I used bottled drinking water but I think that maybe even that is too risky as the article said that drinking this amoeba would not be dangerous but using a Netti pot would be.
Yuk


----------



## barnyardgal (Sep 21, 2009)

CountryGoalie said:


> So... that's nice and all of you to "warn" us, but, ehm.. can you offer any kind of sources on your info? Much appreciated.
> 
> Pardon the typos - this was sent via Tapatalk on my cell phone!


hope this comes through~~ found the link~~:angel:

http://www.abc4.com/content/news/he...wo-Neti-Pot-users/W6p661e5A02pUEk2HuNY7A.cspx


----------



## City Bound (Jan 24, 2009)

three people died in the summer from a rare bacteria that lives in the water. Two died from swimming, and one died from a neti pot. The water in the neti pot was house water, but the house had a water system that let the water sit around for too long. What kind of system that is, i do not know. Water systems with more water circulation are less likely to get this rare bacteria.
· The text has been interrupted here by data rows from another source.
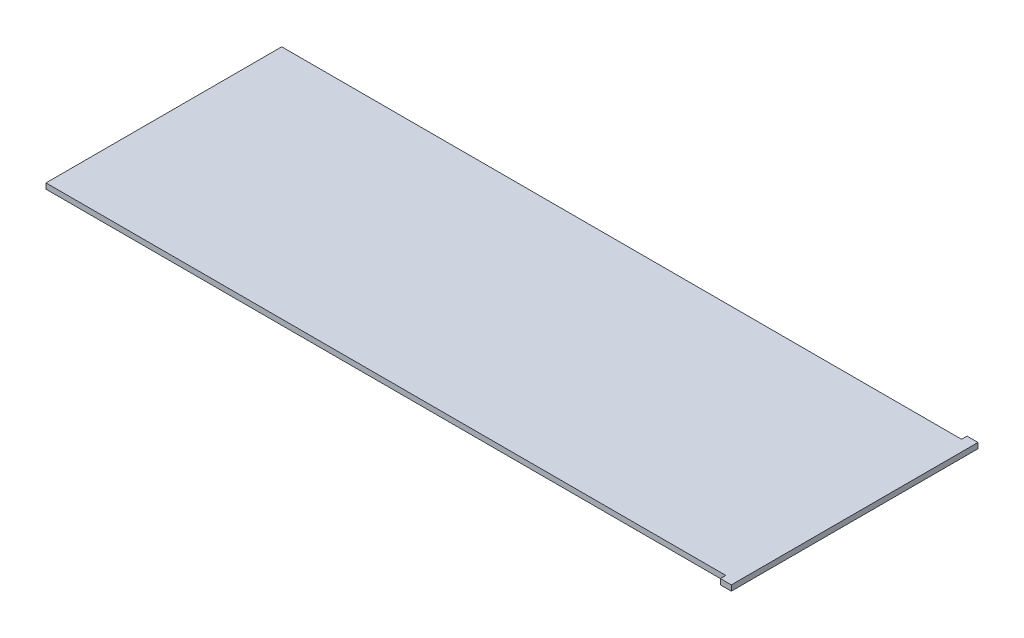
from build123d import *

# Parameters (mm, degrees)
BOSS_EXTRUDE1_DEPTH = 1.5875


with BuildPart() as part:
    # Sketch1 → Boss-Extrude1 (new, symmetric)
    with BuildSketch(Plane(origin=(0, 0, 0), x_dir=(1, 0, 0), z_dir=(0, 1, 0))):
        Polygon((200.025, 71.4375), (193.675, 71.4375), (193.675, 68.2625), (-200.025, 68.2625), (-200.025, -68.2625), (193.675, -68.2625), (193.675, -71.4375), (200.025, -71.4375), align=None)
    extrude(amount=BOSS_EXTRUDE1_DEPTH, both=True)


solid = part.part

Over all, distilled or boiled water with salt added is best to use. Yogi's in india use salted water in their neti pots. Neti pots are traditionally from india. There is a type of yoga that does all these cleansing methods to the body, like drinking salty water and then making yourself throw up, swallowing one end of a long thin cloth that has been soaked in salted water, then pulling the cloth up through the throat, there is even a chord that the yogi's dip in salted water then insert into their nose until it comes out of their mouth, then they pull it out through the mouth and hold it on both ends as they slide it forwards and back. Neti pots fit in with all these things.


----------



## newfieannie (Dec 24, 2006)

omg CB that's what some countries use as torture. make you swallow a rag along with water and then yanking .pulling out half of your insides. i dont think i'm going to try that anytime soon . but yes, it could be standing water they mean. that is not what i have. also our water is treated. and that's probably another story as to using that or not. ~Georgia.


----------



## KrisD (May 26, 2011)

It has nothing to do with standing water. The amoeba can with stand going through water treatment used for drinking. You need to use distilled water or boils water. The amoeba lives in any fresh water and every year people die from it. It is 98 percent fatal. The problem with the Neti pot is it pushes the water and the amoeba into the sinus cavity where it is damp and warm just what the amoeba needs to survive. It then travels to your brain and in 3 days your dead. I too use a Neti pot but I use distilled water.


----------



## backachersfarm (Jun 14, 2005)

The water needs to be sterilized.....distilled does not mean sterile. You can boil your own water and cool to desired temp. You can store in fridge..but I wouldn't keep it more then 24 hrs to reuse. Distilled means all minerals are removed...which is usually done by heat, but doesn't guarentee sterility. Sterile means it has been heated hot and long enough to kill bacteria..but not necessarily free from minerals. The pot should also be cleaned very well..I would rinse with vinegar diluted and air dry. Most systems come with saline solution packets that you use when you do flush of your sinuses.


----------



## nancy237 (May 29, 2008)

I wouldn't send anything but sterile water up into my sinus cavities that are near my brain anyway..even without the report..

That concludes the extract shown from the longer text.